I am actually missing one myself so I'll make one this morning.  Here's what I would do.  

Find a 4-40 nut and a 4-40 screw x 1/2 or longer.  Cut the head off, thread the nut on, and mount the screw in the tailstock chuck .  Use the chuck to hold the nut while you mount it in the headstock chuck. This ensures that the screw threads are aligned with the spindle.   Loosen the tailstock chuck and remove the 4-40 stud.  Drill .136" and tap 8-32.  The whole operation will only take a few minutes.

Bob


----------



## Azbrewer (Dec 3, 2015)

I had ordered 6-32 and now await the 8-32 I ordered yesterday. For 5 bucks total, I will have 96 spare #6's and 100 #8's.


----------



## RJSakowski (Dec 3, 2015)

Azbrewer said:


> I had ordered 6-32 and now await the 8-32 I ordered yesterday. For 5 bucks total, I will have 96 spare #6's and 100 #8's.

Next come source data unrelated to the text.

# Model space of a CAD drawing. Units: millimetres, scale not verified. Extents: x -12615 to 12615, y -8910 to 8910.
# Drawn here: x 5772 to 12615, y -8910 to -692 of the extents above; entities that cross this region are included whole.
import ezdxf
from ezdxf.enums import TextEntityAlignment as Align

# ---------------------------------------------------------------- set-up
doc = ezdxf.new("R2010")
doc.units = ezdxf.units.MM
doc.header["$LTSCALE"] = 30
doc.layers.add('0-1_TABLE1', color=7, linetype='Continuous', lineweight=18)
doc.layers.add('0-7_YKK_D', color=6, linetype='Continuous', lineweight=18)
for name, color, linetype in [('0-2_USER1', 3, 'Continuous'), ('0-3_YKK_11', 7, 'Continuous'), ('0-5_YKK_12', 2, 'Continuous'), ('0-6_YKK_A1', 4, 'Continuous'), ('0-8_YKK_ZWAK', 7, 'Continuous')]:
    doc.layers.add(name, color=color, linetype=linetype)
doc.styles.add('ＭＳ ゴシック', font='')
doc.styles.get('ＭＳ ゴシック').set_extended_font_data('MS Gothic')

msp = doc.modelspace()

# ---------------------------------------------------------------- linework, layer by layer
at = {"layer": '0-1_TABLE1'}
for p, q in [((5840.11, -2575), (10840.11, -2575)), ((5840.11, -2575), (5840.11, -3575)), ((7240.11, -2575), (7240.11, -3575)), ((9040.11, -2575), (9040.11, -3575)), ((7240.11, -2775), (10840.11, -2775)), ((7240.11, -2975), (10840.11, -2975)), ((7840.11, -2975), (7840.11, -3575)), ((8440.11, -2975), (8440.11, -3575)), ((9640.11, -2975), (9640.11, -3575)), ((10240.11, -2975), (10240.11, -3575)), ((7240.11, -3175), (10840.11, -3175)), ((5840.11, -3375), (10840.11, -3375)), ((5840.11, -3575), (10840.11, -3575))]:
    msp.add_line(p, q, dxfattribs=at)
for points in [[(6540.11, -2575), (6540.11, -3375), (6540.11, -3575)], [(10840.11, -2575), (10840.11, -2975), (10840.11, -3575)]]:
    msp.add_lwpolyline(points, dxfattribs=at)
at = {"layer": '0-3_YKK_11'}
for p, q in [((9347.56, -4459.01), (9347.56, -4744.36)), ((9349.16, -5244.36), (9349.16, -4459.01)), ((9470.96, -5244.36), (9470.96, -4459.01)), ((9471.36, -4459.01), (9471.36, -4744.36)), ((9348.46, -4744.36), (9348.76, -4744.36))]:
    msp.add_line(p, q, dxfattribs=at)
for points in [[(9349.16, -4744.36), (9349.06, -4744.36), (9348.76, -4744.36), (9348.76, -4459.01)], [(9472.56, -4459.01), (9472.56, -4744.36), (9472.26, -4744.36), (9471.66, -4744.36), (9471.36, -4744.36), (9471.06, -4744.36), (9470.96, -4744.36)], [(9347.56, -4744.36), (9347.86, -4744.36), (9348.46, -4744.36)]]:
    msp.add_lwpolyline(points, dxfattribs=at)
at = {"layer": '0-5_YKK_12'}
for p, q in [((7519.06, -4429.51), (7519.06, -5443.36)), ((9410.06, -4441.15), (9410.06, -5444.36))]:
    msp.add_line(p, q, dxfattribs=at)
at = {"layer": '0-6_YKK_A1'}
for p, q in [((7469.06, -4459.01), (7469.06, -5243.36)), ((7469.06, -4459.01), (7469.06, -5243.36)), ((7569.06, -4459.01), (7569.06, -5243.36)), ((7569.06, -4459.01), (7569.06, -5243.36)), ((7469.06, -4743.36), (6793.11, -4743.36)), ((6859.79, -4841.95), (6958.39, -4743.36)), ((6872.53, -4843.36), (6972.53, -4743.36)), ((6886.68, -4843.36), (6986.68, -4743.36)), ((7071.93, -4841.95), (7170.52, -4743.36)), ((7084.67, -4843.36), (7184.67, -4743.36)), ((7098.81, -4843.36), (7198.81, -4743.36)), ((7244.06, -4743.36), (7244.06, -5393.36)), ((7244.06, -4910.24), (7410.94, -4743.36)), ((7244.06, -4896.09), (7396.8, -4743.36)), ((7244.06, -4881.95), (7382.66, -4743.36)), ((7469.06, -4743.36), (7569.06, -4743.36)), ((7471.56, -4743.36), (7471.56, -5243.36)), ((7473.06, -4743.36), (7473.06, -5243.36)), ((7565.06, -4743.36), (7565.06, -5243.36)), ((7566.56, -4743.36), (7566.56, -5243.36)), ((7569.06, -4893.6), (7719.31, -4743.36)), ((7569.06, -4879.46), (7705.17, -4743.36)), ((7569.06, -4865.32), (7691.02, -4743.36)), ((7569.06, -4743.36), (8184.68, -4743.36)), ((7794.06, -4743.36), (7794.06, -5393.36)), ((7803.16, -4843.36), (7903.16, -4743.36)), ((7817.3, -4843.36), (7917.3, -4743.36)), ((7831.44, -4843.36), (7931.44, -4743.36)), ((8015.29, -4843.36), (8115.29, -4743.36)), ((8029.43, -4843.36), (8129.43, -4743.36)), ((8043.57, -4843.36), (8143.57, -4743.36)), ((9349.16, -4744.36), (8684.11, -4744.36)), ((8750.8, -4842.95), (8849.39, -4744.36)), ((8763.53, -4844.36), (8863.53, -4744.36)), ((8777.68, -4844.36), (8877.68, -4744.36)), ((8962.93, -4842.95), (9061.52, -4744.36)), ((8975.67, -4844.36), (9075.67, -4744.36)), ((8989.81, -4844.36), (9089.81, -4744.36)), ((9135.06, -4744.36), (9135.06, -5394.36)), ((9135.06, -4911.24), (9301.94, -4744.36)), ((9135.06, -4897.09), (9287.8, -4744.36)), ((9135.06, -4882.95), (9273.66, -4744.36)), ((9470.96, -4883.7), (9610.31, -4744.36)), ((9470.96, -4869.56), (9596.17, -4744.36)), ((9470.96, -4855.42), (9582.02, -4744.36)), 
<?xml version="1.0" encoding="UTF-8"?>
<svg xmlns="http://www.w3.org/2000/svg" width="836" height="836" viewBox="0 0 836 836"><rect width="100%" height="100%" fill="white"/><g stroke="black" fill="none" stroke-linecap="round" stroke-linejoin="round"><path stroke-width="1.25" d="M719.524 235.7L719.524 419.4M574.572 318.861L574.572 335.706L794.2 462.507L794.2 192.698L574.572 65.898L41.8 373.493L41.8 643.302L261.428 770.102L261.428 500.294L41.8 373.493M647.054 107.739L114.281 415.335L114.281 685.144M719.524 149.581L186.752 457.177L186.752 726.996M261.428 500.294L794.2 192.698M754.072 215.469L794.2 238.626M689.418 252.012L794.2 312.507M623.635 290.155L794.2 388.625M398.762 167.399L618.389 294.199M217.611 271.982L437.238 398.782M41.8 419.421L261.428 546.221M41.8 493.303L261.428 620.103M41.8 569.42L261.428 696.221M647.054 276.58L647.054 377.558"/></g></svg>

OK.   I finished mine and made three extras to send to you  

It took less than a minute each.  I change the procedure slightly and just used a 4-40 tap to position the nut.  Saved one step that way.

Bob


----------



## Azbrewer (Dec 3, 2015)

While waiting for the nuts, got the Start/Stop control done. Using a Attiny85 to output PMW to treadmill controller for variable speed, another Attiny85 for Start/Stop, still designing how/where I can get a tach signal for RPM display which will be in between switches and rheostat. Want to read spindle speed directly so no need to convert back gears rpm or worry about belt slippage.


----------



## Azbrewer (Dec 4, 2015)

RJSakowski, thanks for the offer, however I should be getting a pack of 100 later on today.


----------